### What is required
Find the lines in the material below that include the word "centre", count them, and give that count alone.

### Entries provided
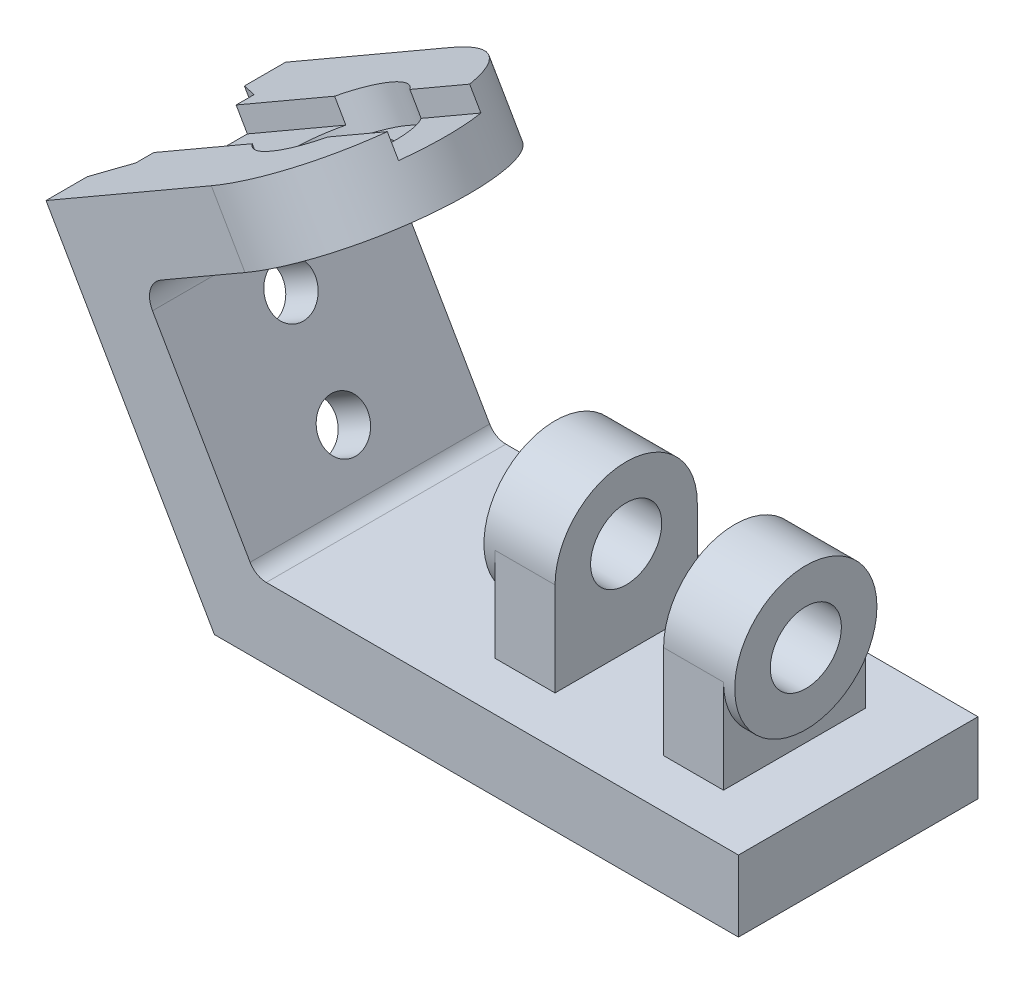
SolidWorks part; units mm, degrees
ref_plane "Front Plane" through (0, 0, 0) normal (0, 0, 1) x (1, 0, 0)
ref_plane "Top Plane" through (0, 0, 0) normal (0, 1, 0) x (1, 0, 0)
ref_plane "Right Plane" through (0, 0, 0) normal (1, 0, 0) x (0, 0, -1)
sketch "Sketch1" plane through (0, 0, 0) normal (0, 0, 1) x (1, 0, 0)
  line L0 (-70, -9.5) -> (-115, 68.4423)
  line L1 (-59.0303, 9.5) -> (70, 9.5)
  line L3 (-70, -9.5) -> (70, -9.5)
  line L4 (70, 9.5) -> (70, -9.5)
  line L5 (0, 0) -> (70, -9.5) construction
  line L6 (-70, -9.5) -> (70, 9.5) construction
  line L7 (-70, -9.5) -> (-168.4358, -9.5) construction
  line L8 (-59.0303, 9.5) -> (-98.5455, 77.9423)
  line L9 (-53.5455, 0) -> (-98.5455, 77.9423) construction
  line L10 (-115, 68.4423) -> (-98.5455, 77.9423)
  point P0 (0, 0)
  dimension "D1" = 140
  dimension "D2" = 19
  dimension "D3" = 60
  dimension "D4" = 90
  dimension "D5" = 19
extrude "Boss-Extrude1" add sketch "Sketch1" along normal blind 64
ref_plane "Plane1" through (-58.3864, 101.1282, 0) normal (-0.5, 0.866, 0) x (0.866, 0.5, 0)
sketch "Sketch2" plane through (-58.3864, 101.1282, 0) normal (-0.5, 0.866, 0) x (0.866, 0.5, 0)
  line L0 (-46.3718, 0) -> (-46.3718, -64)
  line L2 (-46.3718, -64) -> (-14.3718, -64)
  line L3 (-46.3718, 0) -> (-14.3718, 0)
  line L6 (65.3718, 0) -> (-46.3718, 0) construction
  line L7 (-46.3718, 0) -> (-65.3718, 0) construction
  arc A0 (-14.3718, -64) -> (-14.3718, 0) centre (-14.3718, -32) ccw
  circle A2 centre (-14.3718, -32) radius 9.5
  dimension "D2" = 64
  dimension "D4" = 19
extrude "Boss-Extrude3" add sketch "Sketch2" against normal blind 18
sketch "Sketch3" plane through (-58.3864, 101.1282, 0) normal (-0.5, 0.866, 0) x (0.866, 0.5, 0)
  line L0 (-65.3718, -32) -> (21.1099, -32) construction
  line L1 (-65.3718, -64) -> (-65.3718, 0) construction
  line L4 (-56.3718, -16.1962) -> (-56.3718, -47.8038)
  line L5 (-65.3718, -11) -> (-56.3718, -16.1962)
  line L6 (-65.3718, -53) -> (-56.3718, -47.8038)
  line L7 (-65.3718, -11) -> (-65.3718, -53)
  point P12 (-56.3718, -32)
extrude "Cut-Extrude1" cut sketch "Sketch3" against normal blind 128
sketch "Sketch4" plane through (-58.3864, 101.1282, 0) normal (-0.5, 0.866, 0) x (0.866, 0.5, 0)
  line L0 (-56.3718, -32) -> (22.3248, -32) construction
  line L1 (-56.3718, -47.8038) -> (-56.3718, -16.1962) construction
  line L3 (-60.0443, -21) -> (19.1661, -21)
  line L4 (-60.0443, -21) -> (-60.0443, -43)
  line L5 (-60.0443, -43) -> (19.1661, -43)
  line L6 (19.1661, -21) -> (19.1661, -43)
  line L7 (-60.0443, -21) -> (19.1661, -43) construction
  line L8 (-60.0443, -43) -> (19.1661, -21) construction
  point P4 (-20.4391, -32)
  dimension "D1" = 22
extrude "Cut-Extrude2" cut sketch "Sketch4" against normal blind 6
sketch "Sketch5" plane through (-58.3864, 101.1282, 0) normal (-0.5, 0.866, 0) x (0.866, 0.5, 0)
  circle A0 centre (-14.3718, -32) radius 16
  dimension "D1" = 32
extrude "Cut-Extrude4" cut sketch "Sketch5" against normal blind 9
ref_plane "Plane2" through (-48.8194, -28.1859, 0) normal (-0.866, -0.5, 0) x (0, 0, 1)
sketch "Sketch6" plane through (-48.8194, -28.1859, 0) normal (-0.866, -0.5, 0) x (0, 0, 1)
  line L0 (32, 110.7728) -> (32, 21.5766) construction
  line L1 (21, 110.7728) -> (43, 110.7728) construction
  line L2 (47.8038, 21.5766) -> (16.1962, 21.5766) construction
  circle A0 centre (32, 82.7728) radius 6.5
  circle A1 centre (32, 54.7728) radius 6.5
  dimension "D2" = 13
  dimension "D4" = 13
  dimension "D1" = 28
  dimension "D3" = 28
extrude "Cut-Extrude6" cut sketch "Sketch6" against normal up to surface (10 mm away) up to face at (-74.2879, 35.9269, 32)
fillet "Fillet1" radius 5 1 edges at (-59.0303, 9.5, 32)
fillet "Fillet2" radius 6 1 edges at (-89.5455, 62.3538, 32)
ref_plane "Plane3" through (0, 9.5, 0) normal (0, 1, 0) x (1, 0, 0)
sketch "Sketch7" plane through (0, 9.5, 0) normal (0, 1, 0) x (1, 0, 0)
  line L5 (37, -13) -> (53, -13)
  line L6 (37, -13) -> (37, -51)
  line L7 (37, -51) -> (53, -51)
  line L8 (53, -13) -> (53, -51)
  point P4 (44.9497, -32)
  dimension "D1" = 16
  dimension "D4" = 38
extrude "Boss-Extrude4" add sketch "Sketch7" along normal blind 25
ref_plane "Plane4" through (56, 0, 0) normal (1, 0, 0) x (0, 0, -1)
sketch "Sketch8" plane through (56, 0, 0) normal (1, 0, 0) x (0, 0, -1)
  line L0 (-51, 34.5) -> (-13, 34.5) construction
  circle A0 centre (-32, 34.5) radius 19
  circle A1 centre (-32, 34.5) radius 9.5
  dimension "D1" = 38
  dimension "D2" = 19
extrude "Boss-Extrude5" add sketch "Sketch8" against normal blind 19
sketch "Sketch9" plane through (56, 0, 0) normal (1, 0, 0) x (0, 0, -1)
  line L0 (-41.5, 34.5) -> (-22.5, 34.5) construction
  circle A0 centre (-32, 34.5) radius 9.5
extrude "Cut-Extrude7" cut sketch "Sketch9" against normal blind 19
sketch "Sketch10" plane through (0, 9.5, 0) normal (0, 1, 0) x (1, 0, 0)
  line L0 (37, -32) -> (22.5, -32)
  line L1 (37, -13) -> (37, -51) construction
  line L2 (22.5, -1.1959) -> (22.5, -62.8041) construction
  point P7 (22.5, -32)
  dimension "D1" = 14.5
ref_plane "Plane5" through (22.5, 0, 0) normal (1, 0, 0) x (0, 0, -1)
mirror "Mirror1" about plane through (22.5, 0, 0) normal (1, 0, 0) of "Boss-Extrude5", "Boss-Extrude4"
sketch "Sketch11" plane through (-11, 0, 0) normal (-1, 0, 0) x (0, 0, 1)
  circle A0 centre (32, 34.5) radius 9.5
extrude "Cut-Extrude8" cut sketch "Sketch11" against normal blind 19

### Your solution
9